Let us establish, as best as we can within the organization, it is not internal audit’s responsibility to get operational. Operational aspects of ESG data collection and reporting should be avoided as much as possible. This is not the time to go down the SOX path and end up having internal audit with operational duties related to external reporting and the infrastructure to support it.
On the flip side, though, also avoid bayonetting the wounded by applying hindsight to audit on data that has already been report in past periods. That just gives us a bad name and reputation.
To avoid doing too much auditing on previously reported numbers and statistics, focus on the procedures, processes, and documentation established for existing and decided upon disclosures. In essence, you will recognize this as evaluating the design of the controls and asking, is the design adequate to produce reliable, verifiable, and consistent data? Providing assurance on the design will help the organization avoid future reporting errors and position internal audit to add value to the organization and truly make a difference.
It generally will be difficult to provide assurance on what is going to be reported while it is “in flight,” as there will likely be tight time windows between data collection, internal operational review, and actual external reporting. But, if that is possible, at least on the highest risk disclosures, then that is much better than doing assurance work on previously reported data and statistics.

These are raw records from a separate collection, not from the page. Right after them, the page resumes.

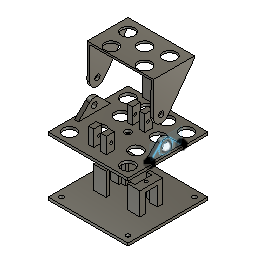
tableXY v18 (Autodesk Fusion 360 design; units mm, degrees)
Autodesk Fusion 360 part; units mm, degrees
sketch "Esquisse2" plane through (0, 0, 0) normal (0, 0, 1) x (1, 0, 0)
  line L0 (-25, 25) -> (25, 25)
  line L1 (25, 25) -> (25, -25)
  line L2 (25, -25) -> (-25, -25)
  line L3 (-25, -25) -> (-25, 25)
  line L4 (-25, 25) -> (25, -25) construction
  line L5 (25, 25) -> (-25, -25) construction
  circle A0 centre (-15.6977, 15.6977) radius 5
  circle A1 centre (-15.6977, -15.6977) radius 5
  circle A2 centre (15.6977, -15.6977) radius 5
  circle A3 centre (15.6977, 15.6977) radius 5
  circle A4 centre (-12.5, 0) radius 5
  circle A5 centre (0, -12.5) radius 5
  circle A6 centre (12.5, 0) radius 5
  circle A7 centre (0, 12.5) radius 5
  dimension "d1" = 50
  dimension "d2" = 50
  dimension "d3" = 10
  dimension "d9" = 360
  dimension "d11" = 10
  dimension "d13" = 360
  constraint horizontal L0
  constraint perpendicular L0 L1
  constraint parallel L0 L2
  constraint parallel L1 L3
  constraint coincident L4 origin
  constraint coincident L5 origin
  constraint coincident L4 A0.centre
  measures "d1" distance of L1.end L2.end
  measures "d2" distance of L0.end L1.end
  measures "d3" diameter of A0
  measures "d11" diameter of A4
extrude "Extrusion1" add sketch "Esquisse2" along normal blind 1.5 makes body 1
sketch "Esquisse3" plane through (0, 0, 0) normal (0, 0, -1) x (1, 0, 0)
  circle A0 centre (-12.5, 0) radius 5
  circle A1 centre (-15.6977, 15.6977) radius 5
  circle A2 centre (15.6977, 15.6977) radius 5
  circle A3 centre (15.6977, -15.6977) radius 5
  circle A4 centre (12.5, 0) radius 5
  circle A5 centre (0, -12.5) radius 5
  circle A6 centre (0, 12.5) radius 5
  circle A7 centre (-15.6977, -15.6977) radius 5
  line L0 (25, 25) -> (-25, 25)
  line L1 (-25, 25) -> (-25, -25)
  line L2 (-25, -25) -> (25, -25)
  line L3 (25, -25) -> (25, 25)
  line L4 (-25, -25) -> (-23, -25)
  line L5 (-23, -25) -> (-23, 25)
  line L6 (-23, 25) -> (-25, 25)
  line L7 (-25, 25) -> (-25, -25)
  line L8 (23, -25) -> (25, -25)
  line L9 (25, -25) -> (25, 25)
  line L10 (25, 25) -> (23, 25)
  line L11 (23, 25) -> (23, -25)
  dimension "d16" = 2
  dimension "d69" = 2
  constraint horizontal L4
  constraint vertical L5
  constraint horizontal L6
  constraint vertical L7
  constraint coincident L1.end L2.start
  constraint horizontal L8
  constraint vertical L9
  constraint horizontal L10
  constraint vertical L11
  constraint coincident L0.start L3.end
  constraint coincident L2 L8.start
  measures "d16" distance of L1.end L4.end
  measures "d69" distance of L9 L11
extrude "Extrusion2" add sketch "Esquisse3" along normal blind 30 contours L0 L2 L3 L8 L9 L10 L11 | L0 L1 L2 L4 L5 L6 L7 bodies 1
sketch "Esquisse4" plane through (-25, 0, 0) normal (-1, 0, 0) x (0, -1, 0)
  line L0 (25, -30) -> (25, 1.5)
  line L1 (25, 1.5) -> (-25, 1.5)
  line L2 (-25, 1.5) -> (-25, -30)
  line L3 (-25, -30) -> (25, -30)
  circle A0 centre (-0.0292, -23.958) radius 5.85
  circle A1 centre (-0.0292, -23.958) radius 2
  line L4 (-25, 0) -> (-4.7346, -27.4339)
  line L5 (5.8207, -23.9237) -> (5.6718, 1.5)
  dimension "d19" = 11.7
  dimension "d20" = 4
  constraint concentric A0 A1
  constraint coincident L2 L4.start
  constraint coincident A0 L4.end
  constraint tangent A0 L4
  constraint coincident A0 L5.start
  constraint coincident L1 L5.end
  constraint tangent A0 L5
  measures "d19" diameter of A0
  measures "d20" diameter of A1
extrude "Extrusion3" cut sketch "Esquisse4" against normal through all contours L0 L1 L2 L3 A0 L4 L5 | A1 bodies 1
sketch "Esquisse8" plane through (23, 0, 0) normal (-1, 0, 0) x (0, -1, 0)
  circle A0 centre (-0.0292, -23.958) radius 2
  line L0 (-4.9916, -14.9971) -> (5.0084, -14.9971)
  line L1 (5.0084, -14.9971) -> (5.0084, 0.0029)
  line L2 (5.0084, 0.0029) -> (-4.9916, 0.0029)
  line L3 (-4.9916, 0.0029) -> (-4.9916, -14.9971)
  line L4 (-4.9916, -14.9971) -> (5.0084, 0.0029) construction
  line L5 (5.0084, -14.9971) -> (-4.9916, 0.0029) construction
  line L6 (-4.9916, 0.0029) -> (-2.9916, 0.0029)
  line L7 (-2.9916, 0.0029) -> (-2.9916, -14.9971)
  line L8 (-2.9916, -14.9971) -> (-4.9916, -14.9971)
  line L9 (-4.9916, -14.9971) -> (-4.9916, 0.0029)
  line L10 (5.0084, 0.0029) -> (3.0084, 0.0029)
  line L11 (3.0084, 0.0029) -> (3.0084, -14.9971)
  line L12 (3.0084, -14.9971) -> (5.0084, -14.9971)
  line L13 (5.0084, -14.9971) -> (5.0084, 0.0029)
  line L14 (5.6806, 0) -> (-25, 0)
  line L15 (-25, 0) -> (-4.7346, -27.4339)
  arc A1 (-4.7346, -27.4339) -> (5.8207, -23.9237) centre (-0.0292, -23.958) ccw
  line L16 (5.8207, -23.9237) -> (5.6806, 0)
  point P0 (0.0084, -7.4971)
  dimension "d28" = 10
  dimension "d29" = 15
  dimension "d30" = 2
  dimension "d31" = 2
  constraint horizontal L0
  constraint perpendicular L0 L1
  constraint parallel L0 L2
  constraint parallel L1 L3
  constraint coincident L4 P0
  constraint coincident L5 P0
  constraint midpoint L5 P0
  constraint horizontal L6
  constraint vertical L7
  constraint horizontal L8
  constraint vertical L9
  constraint horizontal L10
  constraint vertical L11
  constraint horizontal L12
  constraint vertical L13
  measures "d28" distance of L1 L3
  measures "d29" distance of L0 L2
  measures "d30" distance of L2.end L6.end
  measures "d31" distance of L1.end L10.end
extrude "Extrusion4" add sketch "Esquisse8" along normal blind 7 contours L0 L3 L7 L8 L9 L14 | L2 L3 L6 L7 L9 L14 | L0 L1 L11 L12 L13 L14 | L1 L2 L10 L11 L13 L14 bodies 1
fillet "Congé1" radius 2 2 edges at (19.5, 2.9916, -14.9971) (19.5, -3.0084, -14.9971) on bodies 1
ref_plane "Plan de construction1" through (0, 0, -40) normal (0, 0, 1) x (1, 0, 0)
ref_plane "Plan de construction1" through (0, 0, -50) normal (0, 0, 1) x (1, 0, 0) in component "axe vertical"
sketch "Esquisse1" plane through (0, 0, -50) normal (0, 0, 1) x (1, 0, 0) in component "axe vertical"
  line L0 (-30, 30) -> (30, 30)
  line L1 (30, 30) -> (30, -30)
  line L2 (30, -30) -> (-30, -30)
  line L3 (-30, -30) -> (-30, 30)
  line L4 (-30, 30) -> (30, -30) construction
  line L5 (30, 30) -> (-30, -30) construction
  dimension "d39" = 60
  dimension "d40" = 60
  constraint horizontal L0
  constraint perpendicular L0 L1
  constraint parallel L0 L2
  constraint parallel L1 L3
  constraint coincident L4 origin
  constraint coincident L5 origin
  measures "d39" distance of L1.end L2.end
  measures "d40" distance of L0.end L1.end
extrude "Extrusion1'" add sketch "Esquisse1" along normal blind 2 separate body makes body 2 in component "axe vertical"
sketch "Esquisse4 (2)" plane through (0, 0, -48) normal (0, 0, 1) x (-1, 0, 0) in component "axe vertical"
  line L0 (30, 30) -> (-30, 30)
  line L1 (-30, 30) -> (-30, -30)
  line L2 (-30, -30) -> (30, -30)
  line L3 (30, -30) -> (30, 30)
  line L4 (28.2, -12) -> (25.2, -12)
  line L5 (25.2, -12) -> (25.2, 12)
  line L6 (25.2, 12) -> (28.2, 12)
  line L7 (28.2, 12) -> (28.2, -12)
  line L8 (28.2, -12) -> (25.2, 12) construction
  line L9 (25.2, -12) -> (28.2, 12) construction
  line L10 (-25.2, -12) -> (-28.2, -12)
  line L11 (-28.2, -12) -> (-28.2, 12)
  line L12 (-28.2, 12) -> (-25.2, 12)
  line L13 (-25.2, 12) -> (-25.2, -12)
  line L14 (-25.2, -12) -> (-28.2, 12) construction
  line L15 (-28.2, -12) -> (-25.2, 12) construction
  circle A0 centre (22, -22) radius 5
  circle A1 centre (-22, -22) radius 5
  circle A2 centre (22, 22) radius 5
  circle A3 centre (-22, 22) radius 5
  circle A4 centre (8, -22) radius 5
  circle A5 centre (-7, -22) radius 5
  circle A6 centre (-15, 9) radius 5
  circle A7 centre (12.8542, 9.0363) radius 5
  circle A8 centre (13, -8) radius 5
  circle A9 centre (-15, -8) radius 5
  point P0 (26.7, 0)
  point P1 (-26.7, 0)
  dimension "d55" = 3
  dimension "d56" = 24
  dimension "d57" = 25.2
  dimension "d58" = 3
  dimension "d59" = 24
  dimension "d60" = 25.2
  dimension "d166" = 10
  dimension "d167" = 10
  dimension "d168" = 10
  dimension "d169" = 10
  dimension "d170" = 10
  dimension "d171" = 10
  dimension "d174" = 10
  dimension "d175" = 10
  dimension "d176" = 10
  dimension "d177" = 10
  constraint horizontal L4
  constraint perpendicular L4 L5
  constraint parallel L4 L6
  constraint parallel L5 L7
  constraint coincident L8 P0
  constraint coincident L9 P0
  constraint horizontal L10
  constraint perpendicular L10 L11
  constraint parallel L10 L12
  constraint parallel L11 L13
  constraint coincident L14 P1
  constraint coincident L15 P1
  measures "d55" distance of L5.end L6.end
  measures "d56" distance of L4.end L5.end
  measures "d57" distance of origin L5
  measures "d58" distance of L11.end L12.end
  measures "d59" distance of L10.end L11.end
  measures "d60" distance of origin L13
  measures "d166" diameter of A0
  measures "d167" diameter of A1
  measures "d168" diameter of A2
  measures "d169" diameter of A3
  measures "d170" diameter of A4
  measures "d171" diameter of A5
  measures "d174" diameter of A6
  measures "d175" diameter of A7
  measures "d176" diameter of A8
  measures "d177" diameter of A9
extrude "Extrusion14" cut sketch "Esquisse4 (2)" against normal blind 2 contours A0 | A1 | A2 | A3 | A4 | A5 | A6 | A7 | A8 | A9 bodies 2 in component "axe vertical"
extrude "Extrusion3'" add sketch "Esquisse4 (2)" along normal blind 12 contours L4 L5 L6 L7 | L10 L11 L12 L13 bodies 2 in component "axe vertical"
sketch "Esquisse5" plane through (28.2, 0, 0) normal (1, 0, 0) x (0, 1, 0) in component "axe vertical"
  line L0 (-12, -48) -> (12, -48)
  line L1 (12, -48) -> (12, -36)
  line L2 (12, -36) -> (-12, -36)
  line L3 (-12, -36) -> (-12, -48)
  circle A0 centre (-0.0154, -43.1057) radius 2
  circle A1 centre (-0.0154, -43.1057) radius 5
  line L4 (3.5632, -39.6137) -> (12, -48)
  line L5 (-3.4107, -39.4353) -> (-12, -48)
  dimension "d63" = 4
  dimension "d64" = 10
  constraint concentric A0 A1
  constraint coincident A1 L4.start
  constraint coincident L0.end L1.start
  constraint coincident A1 L5.start
  constraint coincident L0.start L3.end
  measures "d63" diameter of A0
  measures "d64" diameter of A1
extrude "Extrusion5" cut sketch "Esquisse5" against normal blind 75 contours L1 L2 L3 A1 L4 L5 | A0 bodies 2 in component "axe vertical"
sketch "Esquisse15" plane through (0, 0, -48) normal (0, 0, 1) x (-1, 0, 0)
  line L0 (30, -30) -> (30, 30)
  line L1 (30, 30) -> (-30, 30)
  line L2 (-30, 30) -> (-30, -30)
  line L3 (-30, -30) -> (30, -30)
  line L4 (28.2, 12) -> (28.2, -12)
  line L5 (28.2, -12) -> (25.2, -12)
  line L6 (25.2, -12) -> (25.2, 12)
  line L7 (25.2, 12) -> (28.2, 12)
  line L8 (-25.2, 12) -> (-25.2, -12)
  line L9 (-25.2, -12) -> (-28.2, -12)
  line L10 (-28.2, -12) -> (-28.2, 12)
  line L11 (-28.2, 12) -> (-25.2, 12)
  line L12 (-6.7, -12) -> (-2.7, -12)
  line L13 (-2.7, -12) -> (-2.7, 23)
  line L14 (-2.7, 23) -> (-6.7, 23)
  line L15 (-6.7, 23) -> (-6.7, -12)
  line L16 (-6.7, -12) -> (-2.7, -12)
  line L17 (-2.7, -12) -> (-2.7, -6)
  line L18 (-2.7, -6) -> (-6.7, -6)
  line L19 (-6.7, -6) -> (-6.7, -12)
  line L20 (-6.7, 23) -> (-2.7, 23)
  line L21 (-2.7, 23) -> (-2.7, 17)
  line L22 (-2.7, 17) -> (-6.7, 17)
  line L23 (-6.7, 17) -> (-6.7, 23)
  line L24 (-6.7, 23) -> (-2.7, 23)
  line L25 (-2.7, 23) -> (-2.7, 17)
  line L26 (-30, 30) -> (-30, -30)
  line L27 (-6.7, -12) -> (-2.7, -12)
  line L28 (-2.7, 23) -> (-6.7, 23)
  line L29 (-2.7, -6) -> (-6.7, -6)
  line L30 (-2.7, -12) -> (-2.7, 23)
  line L31 (-2.7, -12) -> (-2.7, -6)
  line L32 (-2.7, 17) -> (-6.7, 17)
  line L33 (-6.7, -12) -> (-2.7, -12)
  line L34 (-6.7, 17) -> (-6.7, 23)
  line L35 (-6.7, 23) -> (-6.7, -12)
  line L36 (-28.2, 12) -> (-25.2, 12)
  line L37 (-6.7, -6) -> (-6.7, -12)
  line L38 (-25.2, 12) -> (-25.2, -12)
  line L39 (-28.2, -12) -> (-28.2, 12)
  line L40 (-25.2, -12) -> (-28.2, -12)
  line L41 (-2.7, -12) -> (-2.7, 23)
  line L42 (-6.7, 23) -> (-6.7, -12)
  line L43 (-2.7, -12) -> (-2.7, -6)
  line L44 (-6.7, 23) -> (-6.7, -12)
  line L45 (-6.7, -6) -> (-6.7, -12)
  line L46 (-6.7, 17) -> (-6.7, 23)
  line L47 (-6.7, -6) -> (-6.7, -12)
  line L48 (-6.7, 17) -> (-6.7, 23)
  line L49 (-6.7, -12) -> (-2.7, -12)
  line L50 (-2.7, 23) -> (-2.7, 17)
  line L51 (-2.7, 23) -> (-6.7, 23)
  line L52 (-2.7, -12) -> (-2.7, -6)
  line L53 (-2.7, -12) -> (-2.7, 23)
  line L54 (-2.7, 23) -> (-2.7, 17)
  line L55 (-6.7, -12) -> (-2.7, -12)
  line L56 (-6.7, -12) -> (-2.7, -12)
  line L57 (-6.7, 23) -> (-2.7, 23)
  line L58 (-2.7, -6) -> (-6.7, -6)
  line L59 (-2.7, 23) -> (-6.7, 23)
  line L60 (-2.7, 17) -> (-6.7, 17)
  line L61 (-6.7, -12) -> (-2.7, -12)
  line L62 (-2.7, -6) -> (-6.7, -6)
  line L63 (-6.7, 23) -> (-2.7, 23)
  line L64 (-2.7, 17) -> (-6.7, 17)
  line L65 (6.7, -12) -> (6.7, 23)
  line L66 (6.7, -12) -> (6.7, -6)
  line L67 (2.7, 23) -> (2.7, -12)
  line L68 (2.7, -6) -> (2.7, -12)
  line L69 (2.7, 17) -> (2.7, 23)
  line L70 (2.7, -12) -> (6.7, -12)
  line L71 (6.7, 23) -> (2.7, 23)
  line L72 (6.7, 23) -> (6.7, 17)
  line L73 (2.7, -12) -> (6.7, -12)
  line L74 (6.7, -6) -> (2.7, -6)
  line L75 (2.7, 23) -> (6.7, 23)
  line L76 (6.7, 17) -> (2.7, 17)
  circle A0 centre (-22, -22) radius 5
  circle A1 centre (22, -22) radius 5
  circle A2 centre (-22, 22) radius 5
  circle A3 centre (-7, -22) radius 5
  circle A4 centre (8, -22) radius 5
  circle A5 centre (22, 22) radius 5
  circle A6 centre (-15, 9) radius 5
  circle A7 centre (12.8542, 9.0363) radius 5
  circle A8 centre (13, -8) radius 5
  circle A9 centre (-15, -8) radius 5
  point P0 (18, 0)
  dimension "d76" = 4
  dimension "d79" = 6
  dimension "d80" = 6
  dimension "d84" = 4
  dimension "d85" = 35
  dimension "d86" = 6
  dimension "d87" = 6
  dimension "d88" = 6
  dimension "d90" = 4
  dimension "d91" = 35
  dimension "d92" = 6
  dimension "d93" = 6
  dimension "d94" = 6
  dimension "d95" = 4
  dimension "d96" = 35
  dimension "d97" = 6
  dimension "d98" = 6
  dimension "d99" = 6
  dimension "d105" = 4
  dimension "d106" = 35
  dimension "d107" = 6
  dimension "d109" = 6
  dimension "d117" = 18.5
  dimension "d118" = 18.5
  constraint horizontal L12
  constraint vertical L13
  constraint horizontal L14
  constraint vertical L15
  constraint horizontal L16
  constraint vertical L17
  constraint horizontal L18
  constraint vertical L19
  constraint horizontal L20
  constraint vertical L21
  constraint horizontal L22
  constraint vertical L23
  constraint horizontal L27
  constraint vertical L30
  constraint horizontal L28
  constraint vertical L35
  constraint horizontal L33
  constraint vertical L31
  constraint horizontal L29
  constraint vertical L37
  constraint horizontal L24
  constraint vertical L25
  constraint horizontal L32
  constraint vertical L34
  constraint horizontal L61
  constraint vertical L53
  constraint horizontal L59
  constraint vertical L42
  constraint horizontal L56
  constraint vertical L52
  constraint horizontal L58
  constraint vertical L47
  constraint horizontal L57
  constraint vertical L50
  constraint horizontal L60
  constraint vertical L48
  constraint horizontal L55
  constraint vertical L41
  constraint horizontal L51
  constraint vertical L44
  constraint horizontal L49
  constraint vertical L43
  constraint horizontal L62
  constraint vertical L45
  constraint horizontal L63
  constraint vertical L54
  constraint horizontal L64
  constraint vertical L46
  constraint horizontal L73
  constraint vertical L65
  constraint horizontal L71
  constraint vertical L67
  constraint horizontal L70
  constraint vertical L66
  constraint horizontal L74
  constraint vertical L68
  constraint horizontal L75
  constraint vertical L72
  constraint horizontal L76
  constraint vertical L69
  measures "d76" distance of L12.start L12.end
  measures "d79" distance of origin L18
  measures "d80" distance of L14.end L22.end
  measures "d84" distance of L12.end L12.start
  measures "d85" distance of L12.start L14.end
  measures "d86" distance of L18.end L12.start
  measures "d87" distance of origin L29
  measures "d88" distance of L22.end L14.end
  measures "d90" distance of L12.end L12.start
  measures "d91" distance of L12.start L14.end
  measures "d92" distance of L18.end L12.start
  measures "d93" distance of origin L58
  measures "d94" distance of L22.end L14.end
  measures "d95" distance of L12.end L12.start
  measures "d96" distance of L12.start L14.end
  measures "d97" distance of L18.end L12.start
  measures "d98" distance of origin L62
  measures "d99" distance of L22.end L14.end
  measures "d105" distance of L65.start L67.end
  measures "d106" distance of L67.end L67.start
  measures "d107" distance of L68.start L67.end
  measures "d109" distance of L69.start L67.start
  measures "d117" distance of L15 L38
  measures "d118" distance of L6 L65
extrude "Extrusion6" add sketch "Esquisse15" along normal blind 12 contours L12 L13 L15 L16 L17 L18 L19 L27 L29 L30 L31 L33 L35 L37 L41 L42 L43 L44 L45 L47 L49 L52 L53 L55 L56 L58 L61 L62 | L13 L14 L15 L20 L21 L22 L23 L24 L25 L28 L30 L32 L34 L35 L41 L42 L44 L46 L48 L50 L51 L53 L54 L57 L59 L60 L63 L64 | L65 L66 L67 L68 L70 L73 L74 | L65 L67 L69 L71 L72 L75 L76 bodies 2 in component "axe vertical"
sketch "Esquisse16" plane through (-6.7, 0, 0) normal (-1, 0, 0) x (0, -1, 0)
  line L0 (17, -48) -> (23, -48)
  line L1 (23, -48) -> (23, -36)
  line L2 (23, -36) -> (17, -36)
  line L3 (17, -36) -> (17, -48)
  circle A0 centre (-8.2, -42) radius 1.05
  circle A1 centre (19.2, -42) radius 1.05
  line L4 (-6, -48) -> (-6, -36)
  dimension "d111" = 2.1
  dimension "d112" = 2.1
  dimension "d113" = 2.2
  dimension "d114" = 2.2
  measures "d111" diameter of A0
  measures "d112" diameter of A1
  measures "d113" distance of L3 A1.centre
  measures "d114" distance of A0.centre L4
extrude "Extrusion7" cut sketch "Esquisse16" against normal blind 25 contours A0 | A1 bodies 2 in component "axe vertical"
sketch "Esquisse17" plane through (0, 0, -50) normal (0, 0, -1) x (1, 0, 0)
  line L0 (30, 30) -> (-30, 30)
  line L1 (-30, 30) -> (-30, -30)
  line L2 (-30, -30) -> (30, -30)
  line L3 (30, -30) -> (30, 30)
  circle A0 centre (0, 0) radius 1.25
  circle A1 centre (0, 0) radius 2.5
  circle A2 centre (0, 0) radius 5
  circle A3 centre (22, -22) radius 5
  circle A4 centre (-22, -22) radius 5
  circle A5 centre (22, 22) radius 5
  circle A6 centre (7, -22) radius 5
  circle A7 centre (-8, -22) radius 5
  circle A8 centre (-22, 22) radius 5
  circle A9 centre (-12.8542, 9.0363) radius 5
  circle A10 centre (-13, -8) radius 5
  circle A11 centre (15, 9) radius 5
  circle A12 centre (15, -8) radius 5
  dimension "d119" = 2.5
  dimension "d120" = 5
  dimension "d121" = 10
  constraint coincident A0.centre A1.centre
  constraint concentric A0 A2
  measures "d119" diameter of A0
  measures "d120" diameter of A1
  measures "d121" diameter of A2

This all leads to a potential final area of work for internal audit: doing a risk assessment on the data that is already being reported. Not all disclosures are created equal and some will create a lot more risk to the organization if there are inaccuracies than others. So, with limited time, focus on the high-risk disclosures and share your risk assessment of the ESG disclosures with the organization. That will create interesting and valuable dialogue and might make the organization think differently about what and how it is disclosing ESG information. Or, at a minimum, it will educate you and your staff on the thought process the organization is going through as part of its ESG reporting cycles.
What Did We Miss?
You’re not done though. A wise place to pivot to is to consider what areas the organization is not paying enough attention. Most of the focus these days tends to overweight the environmental component of ESG. Especially with all the rightful attention being given to climate change concerns and the regulatory pressure for disclosures on climate matters. Don’t forget the social and governance aspects. That does not mean you should take your eye off the environmental facets. Not in the least. But, with all the focus on the E, it is quite possible not enough attention is being placed on the S or on the G components. Take the effort to give special thought to the social and governance aspects of what the organization could be reporting on. There are several issues under these topics that will have true and valuable meaning for many of those stakeholders you previously identified.
If you have been in internal auditing long enough, you have seen many acronyms come and go. But, in this case, it looks like the ESG train is picking up steam and will be with us for good. So, stake out your role, be strategic, provide advisory work, and follow with assurance work. Make sure your audit plans consider these key roles and that your audit committee supports your efforts. Have or obtain the necessary competence. And make sure that data is not only right, but that it is the right data. And, more than anything else, continue to position yourself to add value and make a difference. That is our job. 
Hal Garyn is Managing Director and Owner of Audit Executive Advisory Services, LLC based in FL.